Task description |
Transcribe only the lines of the listing below from the one holding "#43=VECTOR('',#42,1.);" through the one holding "#54=EDGE_CURVE('E82',#47,#31,#53,.T.);", inclusive, without any change.

Exercise materials |

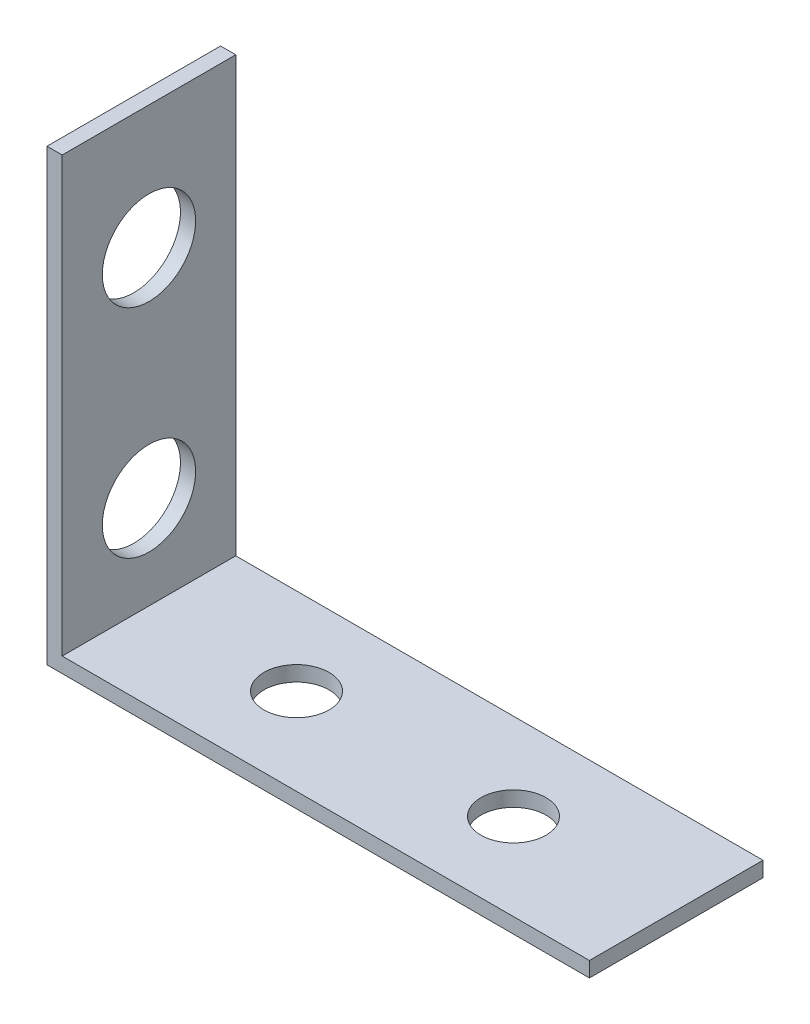
ISO-10303-21;
HEADER;
FILE_DESCRIPTION(('STEP AP214'),'2;1');
FILE_NAME('part.step','',(''),(''),'','','');
FILE_SCHEMA(('AUTOMOTIVE_DESIGN { 1 0 10303 214 1 1 1 1 }'));
ENDSEC;
DATA;
#1=APPLICATION_CONTEXT('core data for automotive mechanical design processes');
#2=APPLICATION_PROTOCOL_DEFINITION('international standard','automotive_design',2000,#1);
#3=PRODUCT_CONTEXT('',#1,'mechanical');
#4=PRODUCT('Part','Part','',(#3));
#5=PRODUCT_RELATED_PRODUCT_CATEGORY('part','',(#4));
#6=PRODUCT_DEFINITION_FORMATION('','',#4);
#7=PRODUCT_DEFINITION_CONTEXT('part definition',#1,'design');
#8=PRODUCT_DEFINITION('design','',#6,#7);
#9=PRODUCT_DEFINITION_SHAPE('','',#8);
#10=(LENGTH_UNIT() NAMED_UNIT(*) SI_UNIT(.MILLI.,.METRE.));
#11=(NAMED_UNIT(*) PLANE_ANGLE_UNIT() SI_UNIT($,.RADIAN.));
#12=(NAMED_UNIT(*) SI_UNIT($,.STERADIAN.) SOLID_ANGLE_UNIT());
#13=UNCERTAINTY_MEASURE_WITH_UNIT(LENGTH_MEASURE(1.E-05),#10,'distance_accuracy_value','');
#14=(GEOMETRIC_REPRESENTATION_CONTEXT(3) GLOBAL_UNCERTAINTY_ASSIGNED_CONTEXT((#13)) GLOBAL_UNIT_ASSIGNED_CONTEXT((#10,
#11,#12)) REPRESENTATION_CONTEXT('',''));
#15=CARTESIAN_POINT('',(0.,0.,0.));
#16=DIRECTION('',(0.,0.,1.));
#17=DIRECTION('',(1.,0.,0.));
#18=AXIS2_PLACEMENT_3D('',#15,#16,#17);
#19=CARTESIAN_POINT('',(12.5,0.7,0.));
#20=DIRECTION('',(1.,0.,0.));
#21=DIRECTION('',(0.,0.,-1.));
#22=AXIS2_PLACEMENT_3D('',#19,#20,#21);
#23=PLANE('',#22);
#24=DIRECTION('',(0.,0.,1.));
#25=VECTOR('',#24,1.);
#26=CARTESIAN_POINT('',(12.5,0.,0.));
#27=LINE('',#26,#25);
#28=CARTESIAN_POINT('',(12.5,0.,-8.00000000000001));
#29=VERTEX_POINT('',#28);
#30=CARTESIAN_POINT('',(12.5,0.,0.));
#31=VERTEX_POINT('',#30);
#32=EDGE_CURVE('E86',#29,#31,#27,.T.);
#33=ORIENTED_EDGE('',*,*,#32,.F.);
#34=DIRECTION('',(0.,-1.,0.));
#35=VECTOR('',#34,1.);
#36=CARTESIAN_POINT('',(12.5,0.7,-8.00000000000001));
#37=LINE('',#36,#35);
#38=CARTESIAN_POINT('',(12.5,0.7,-8.00000000000001));
#39=VERTEX_POINT('',#38);
#40=EDGE_CURVE('E11',#39,#29,#37,.T.);
#41=ORIENTED_EDGE('',*,*,#40,.F.);
#42=DIRECTION('',(0.,0.,1.));
#43=VECTOR('',#42,1.);
#44=CARTESIAN_POINT('',(12.5,0.7,0.));
#45=LINE('',#44,#43);
#46=CARTESIAN_POINT('',(12.5,0.7,0.));
#47=VERTEX_POINT('',#46);
#48=EDGE_CURVE('E88',#39,#47,#45,.T.);
#49=ORIENTED_EDGE('',*,*,#48,.T.);
#50=DIRECTION('',(0.,-1.,0.));
#51=VECTOR('',#50,1.);
#52=CARTESIAN_POINT('',(12.5,0.7,0.));
#53=LINE('',#52,#51);
#54=EDGE_CURVE('E82',#47,#31,#53,.T.);
#55=ORIENTED_EDGE('',*,*,#54,.T.);
#56=EDGE_LOOP('',(#33,#41,#49,#55));
#57=FACE_BOUND('',#56,.T.);
#58=ADVANCED_FACE('F41',(#57),#23,.T.);
#59=CARTESIAN_POINT('',(0.,0.7,-8.00000000000001));
#60=DIRECTION('',(0.,0.,-1.));
#61=DIRECTION('',(-1.,0.,0.));
#62=AXIS2_PLACEMENT_3D('',#59,#60,#61);
#63=PLANE('',#62);
#64=DIRECTION('',(1.,0.,0.));
#65=VECTOR('',#64,1.);
#66=CARTESIAN_POINT('',(0.,0.,-8.00000000000001));
#67=LINE('',#66,#65);
#68=CARTESIAN_POINT('',(-12.5,0.,-8.));
#69=VERTEX_POINT('',#68);
#70=EDGE_CURVE('E109',#69,#29,#67,.T.);
#71=ORIENTED_EDGE('',*,*,#70,.F.);
#72=DIRECTION('',(0.,-1.,0.));
#73=VECTOR('',#72,1.);
#74=CARTESIAN_POINT('',(-12.5,0.7,-8.));
#75=LINE('',#74,#73);
#76=CARTESIAN_POINT('',(-12.5,20.7,-8.));
#77=VERTEX_POINT('',#76);
#78=EDGE_CURVE('E50',#77,#69,#75,.T.);
#79=ORIENTED_EDGE('',*,*,#78,.F.);
#80=DIRECTION('',(-1.,0.,0.));
#81=VECTOR('',#80,1.);
#82=CARTESIAN_POINT('',(-12.5,20.7,-8.));
#83=LINE('',#82,#81);
#84=CARTESIAN_POINT('',(-11.8,20.7,-8.));
#85=VERTEX_POINT('',#84);
#86=EDGE_CURVE('E164',#85,#77,#83,.T.);
#87=ORIENTED_EDGE('',*,*,#86,.F.);
#88=DIRECTION('',(0.,-1.,0.));
#89=VECTOR('',#88,1.);
#90=CARTESIAN_POINT('',(-11.8,20.7,-8.));
#91=LINE('',#90,#89);
#92=CARTESIAN_POINT('',(-11.8,0.7,-8.));
#93=VERTEX_POINT('',#92);
#94=EDGE_CURVE('E117',#85,#93,#91,.T.);
#95=ORIENTED_EDGE('',*,*,#94,.T.);
#96=DIRECTION('',(1.,0.,0.));
#97=VECTOR('',#96,1.);
#98=CARTESIAN_POINT('',(0.,0.7,-8.00000000000001));
#99=LINE('',#98,#97);
#100=EDGE_CURVE('E175',#93,#39,#99,.T.);
#101=ORIENTED_EDGE('',*,*,#100,.T.);
#102=ORIENTED_EDGE('',*,*,#40,.T.);
#103=EDGE_LOOP('',(#71,#79,#87,#95,#101,#102));
#104=FACE_BOUND('',#103,.T.);
#105=ADVANCED_FACE('F208',(#104),#63,.T.);
#106=CARTESIAN_POINT('',(-12.5,0.7,0.));
#107=DIRECTION('',(1.,0.,0.));
#108=DIRECTION('',(0.,0.,-1.));
#109=AXIS2_PLACEMENT_3D('',#106,#107,#108);
#110=PLANE('',#109);
#111=CARTESIAN_POINT('',(-12.5,5.,-4.));
#112=DIRECTION('',(-1.,0.,0.));
#113=DIRECTION('',(0.,0.,1.));
#114=AXIS2_PLACEMENT_3D('',#111,#112,#113);
#115=CIRCLE('',#114,2.15);
#116=CARTESIAN_POINT('',(-12.5,5.,-1.85));
#117=VERTEX_POINT('',#116);
#118=EDGE_CURVE('E137',#117,#117,#115,.T.);
#119=ORIENTED_EDGE('',*,*,#118,.F.);
#120=EDGE_LOOP('',(#119));
#121=FACE_BOUND('',#120,.T.);
#122=CARTESIAN_POINT('',(-12.5,15.,-4.));
#123=DIRECTION('',(-1.,0.,0.));
#124=DIRECTION('',(0.,0.,1.));
#125=AXIS2_PLACEMENT_3D('',#122,#123,#124);
#126=CIRCLE('',#125,2.15);
#127=CARTESIAN_POINT('',(-12.5,15.,-1.85));
#128=VERTEX_POINT('',#127);
#129=EDGE_CURVE('E144',#128,#128,#126,.T.);
#130=ORIENTED_EDGE('',*,*,#129,.F.);
#131=EDGE_LOOP('',(#130));
#132=FACE_BOUND('',#131,.T.);
#133=DIRECTION('',(0.,0.,1.));
#134=VECTOR('',#133,1.);
#135=CARTESIAN_POINT('',(-12.5,0.,0.));
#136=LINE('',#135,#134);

Answer to this problem |
#43=VECTOR('',#42,1.);
#44=CARTESIAN_POINT('',(12.5,0.7,0.));
#45=LINE('',#44,#43);
#46=CARTESIAN_POINT('',(12.5,0.7,0.));
#47=VERTEX_POINT('',#46);
#48=EDGE_CURVE('E88',#39,#47,#45,.T.);
#49=ORIENTED_EDGE('',*,*,#48,.T.);
#50=DIRECTION('',(0.,-1.,0.));
#51=VECTOR('',#50,1.);
#52=CARTESIAN_POINT('',(12.5,0.7,0.));
#53=LINE('',#52,#51);
#54=EDGE_CURVE('E82',#47,#31,#53,.T.);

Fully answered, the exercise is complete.